Robocalling refers to the use of automated dialing systems to deliver pre-recorded messages. While some robocalls are legal (like those from schools or healthcare providers), many are used for scams or unauthorized telemarketing regardless of your phone company.
Number spoofing occurs when a caller deliberately falsifies the information transmitted to your caller ID to disguise their identity, often impersonating a local or trusted number to increase the chance of the call being answered.
2. What does an attestation rating of a call mean?
Under the STIR/SHAKEN solution, each call receives an “attestation level” that indicates how confidently the originating provider can verify the caller’s identity and their right to use the number:
- Full Attestation (A): The provider knows the caller and confirms they are authorized to use the calling number.

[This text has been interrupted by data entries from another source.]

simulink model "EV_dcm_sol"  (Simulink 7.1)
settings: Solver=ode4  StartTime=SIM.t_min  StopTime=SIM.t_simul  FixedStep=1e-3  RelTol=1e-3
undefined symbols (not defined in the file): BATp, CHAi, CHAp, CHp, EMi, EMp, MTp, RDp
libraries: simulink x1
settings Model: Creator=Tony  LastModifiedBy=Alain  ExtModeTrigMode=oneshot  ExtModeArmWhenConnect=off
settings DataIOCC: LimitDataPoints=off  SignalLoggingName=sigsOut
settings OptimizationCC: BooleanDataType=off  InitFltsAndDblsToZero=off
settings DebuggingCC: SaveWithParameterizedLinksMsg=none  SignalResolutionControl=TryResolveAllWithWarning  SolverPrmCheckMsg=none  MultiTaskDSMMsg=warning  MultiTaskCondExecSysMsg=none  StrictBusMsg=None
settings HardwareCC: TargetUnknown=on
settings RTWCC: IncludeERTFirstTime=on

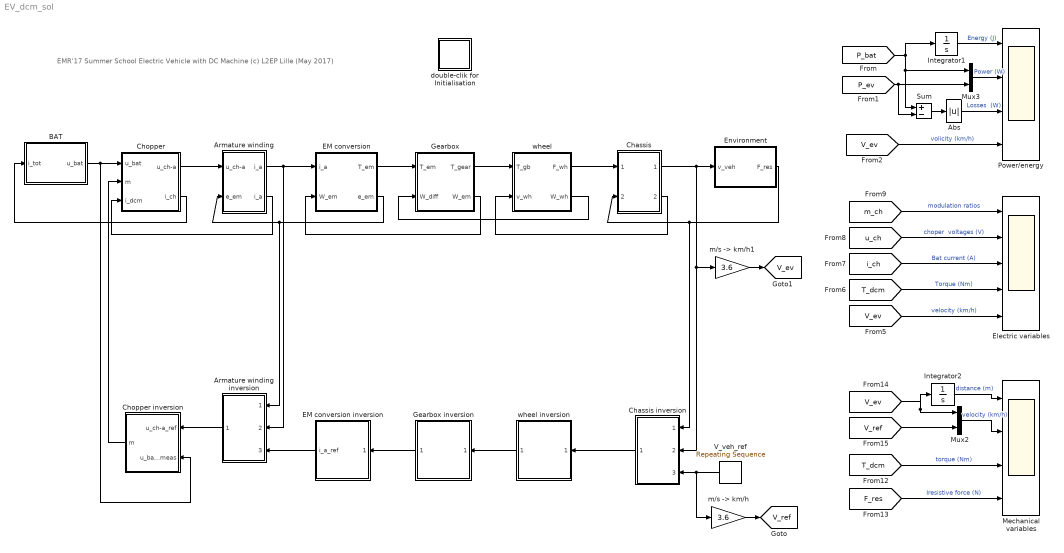
== system EV_dcm_sol ==
  note: EMR'17 Summer School
      | Electric Vehicle with DC Machine
      | (c) L2EP Lille (May 2017)
  Abs : Abs  OutDataType=sfix(16)  OutScaling=2^0
  Armature winding : Subsystem  AncestorBlock=simulink/REM/EA
      mask Type: CM
      mask Display: plot(0,0,100,100,[10,10,90,90,10],[90,10,10,90,90], [10,90],[10,90])
  Armature winding inversion : Subsystem  Orientation=left  AncestorBlock=simulink/SMC/Asservissement Correcteur IP
      mask Display: plot(0,0,100,100, [10,30,90,70,10,90],[90,10,10,90,90,10])
  BAT : Subsystem  AncestorBlock=simulink/REM/SE
      mask Display:
      | plot(0,0,100,100, 1.2*[50,57.68,60.77,63.08,64.97,66.58,68,69.26,70.4, 	71.42,72.36,78.28,80,78.28,72.36,71.42,70.4, 	69.26,68,66.58,64.97,63.08,60.77,57.68,50,42.32, 	39.23,36.92,35.03,33.42,32,30.74,29.6,28.58, 	27.64,21.72,20,21.72,27.64,28.58,29.6,30.74,32, 	33.42,35.03,36.92,39.23,42.32,50]-10, 1.2*[20,21,22,23,24,25,26,27,28,29,30,40,50,60,70,71,72, 	73,74,75,76,77,78,79,80,79,78,77,76,75,74,73,72, 	71,70,60,50,40,30,29,28,27,26,25,24,23,22,21,20]-10)
      | disp('BAT')
  Chassis : Subsystem  AncestorBlock=simulink/REM/EA
      mask Type: CM
      mask Display: plot(0,0,100,100,[10,10,90,90,10],[90,10,10,90,90], [10,90],[10,90])
  Chassis inversion : Subsystem  Orientation=left  AncestorBlock=simulink/SMC/Asservissement Correcteur IP
      mask Display: plot(0,0,100,100, [10,30,90,70,10,90],[90,10,10,90,90,10])
  Chopper : Subsystem  AncestorBlock=simulink/REM/EC Elec
      mask Type: Hacheur
      mask Display: plot(0,0,100,100,[10,10,90,90,10],[90,10,10,90,90])
  Chopper inversion : Subsystem  Orientation=left  AncestorBlock=simulink/SMC/Inversion EC avec mesure
      mask Display: plot(0,0,100,100,[10,30,90,70,10],[90,10,10,90,90])
  EM conversion : Subsystem  AncestorBlock=simulink/REM/EC EM
      mask Display: plot(0,0,100,100, 1.4*[50,57.68,60.77,63.08,64.97,66.58,68,69.26,70.4, 	71.42,72.36,78.28,80,78.28,72.36,71.42,70.4, 	69.26,68,66.58,64.97,63.08,60.77,57.68,50,42.32, 	39.23,36.92,35.03,33.42,32,30.74,29.6,28.58, 	27.64,21.72,20,21.72,27.64,28.58,29.6,30.74,32, 	33.42,35.03,36.92,39.23,42.32,50]-20, 1.4*[20,21,22,23,24,25,26,27,28,29,30,40,50,60,70,71,72, 	73,74,75,76,77,78,79,80,79,78,77,76,75,74,73,72, 	71,70,60,50,40,30,29,28,27,26,25,24,23,22,21,20]-20)
  EM conversion inversion : Subsystem  Orientation=left  AncestorBlock=simulink/SMC/Inversion EC avec mesure
      mask Display: plot(0,0,100,100,[10,30,90,70,10],[90,10,10,90,90])
  Electric variables : Scope  NumInputPorts=5
      settings: TimeRange=200  YMin=-0.5~-100~-20~-100~0  YMax=1~400~60~150~60  SaveName=ScopeData3  Decimation=10
  Environment : Subsystem  AncestorBlock=simulink/REM/SE
      mask Display:
      | plot(0,0,100,100, 1.2*[50,57.68,60.77,63.08,64.97,66.58,68,69.26,70.4, 	71.42,72.36,78.28,80,78.28,72.36,71.42,70.4, 	69.26,68,66.58,64.97,63.08,60.77,57.68,50,42.32, 	39.23,36.92,35.03,33.42,32,30.74,29.6,28.58, 	27.64,21.72,20,21.72,27.64,28.58,29.6,30.74,32, 	33.42,35.03,36.92,39.23,42.32,50]-10, 1.2*[20,21,22,23,24,25,26,27,28,29,30,40,50,60,70,71,72, 	73,74,75,76,77,78,79,80,79,78,77,76,75,74,73,72, 	71,70,60,50,40,30,29,28,27,26,25,24,23,22,21,20]-10)
      | disp('ROAD')
  Gearbox : Subsystem  AncestorBlock=simulink/REM/EC Elec
      mask Type: Hacheur
      mask Display: plot(0,0,100,100,[10,10,90,90,10],[90,10,10,90,90])
  Gearbox inversion : Subsystem  Orientation=left  AncestorBlock=simulink/SMC/Inversion EC avec mesure
      mask Display: plot(0,0,100,100,[10,30,90,70,10],[90,10,10,90,90])
  Integrator1 : Integrator
  Integrator2 : Integrator
  Mechanical variables : Scope  NumInputPorts=4
      settings: TimeRange=200  YMin=-1000~0~-100~0  YMax=4000~60~150~200  SaveName=ScopeData5  Decimation=10
  Mux2 : Mux  Inputs=2
  Mux3 : Mux  Inputs=2
  Power/energy : Scope  NumInputPorts=4
      settings: TimeRange=200  YMin=0~-10000~0~0  YMax=500000~20000~8000~60  Decimation=10
  Sum : Sum  Inputs=+-  OutDataType=sfix(16)  OutScaling=2^0  SaturateOnIntegerOverflow=on  InputSameDT=on  OutDataTypeStr=Inherit: Same as first input
  V_veh_ref : simulink/Sources/Repeating Sequence  Orientation=left  SystemSampleTime=-1  rep_seq_t=CYCL.time_ECE  rep_seq_y=CYCL.velocity_ECE
  double-clik for Initialisation : Subsystem
      settings: OpenFcn=init_EV_dcm_sol
      mask Type: Initialisation
      mask Display: disp('INIT')
  "m/s -> km/h" : Gain  Gain=3.6
  "m/s -> km/h1" : Gain  Gain=3.6
  wheel : Subsystem  AncestorBlock=simulink/REM/EC Elec
      mask Type: Hacheur
      mask Display: plot(0,0,100,100,[10,10,90,90,10],[90,10,10,90,90])
  wheel inversion : Subsystem  Orientation=left  AncestorBlock=simulink/SMC/Inversion EC avec mesure
      mask Display: plot(0,0,100,100,[10,30,90,70,10],[90,10,10,90,90])
  tag scope: V_ev=global, V_ref=global
  wires:
  BAT/1(u_bat) -> Chopper/1(u_bat), Chopper inversion/2(u_bat_meas)
  Chopper/2(i_ch) -> BAT/1(i_tot)
  Armature winding/2(i_a) -> Chopper/3(i_dcm)
  EM conversion/1(T_em) -> Gearbox/1(T_em)
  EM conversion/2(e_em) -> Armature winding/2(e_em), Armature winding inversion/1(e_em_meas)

- Partial Attestation (B): The provider knows the caller but cannot verify the number’s ownership.
- Gateway Attestation (C): The provider is simply passing the call through and cannot verify the source.
These ratings help downstream providers and call-blocking tools assess whether a call is trustworthy.
3. How does STIR/SHAKEN help reduce robocalls?
STIR/SHAKEN works by cryptographically assigning incoming calls with a certificate that says they are from the number it claims to originate from. When calls are authenticated and receive a high attestation level, recipients and carriers can trust that the caller ID is confirmed.
When calls can’t be verified or receive lower attestation ratings, they may be flagged, blocked, or sent to voicemail. This system significantly reduces the success rate of suspicious robocalls and helps rebuild consumer trust in answering phone calls.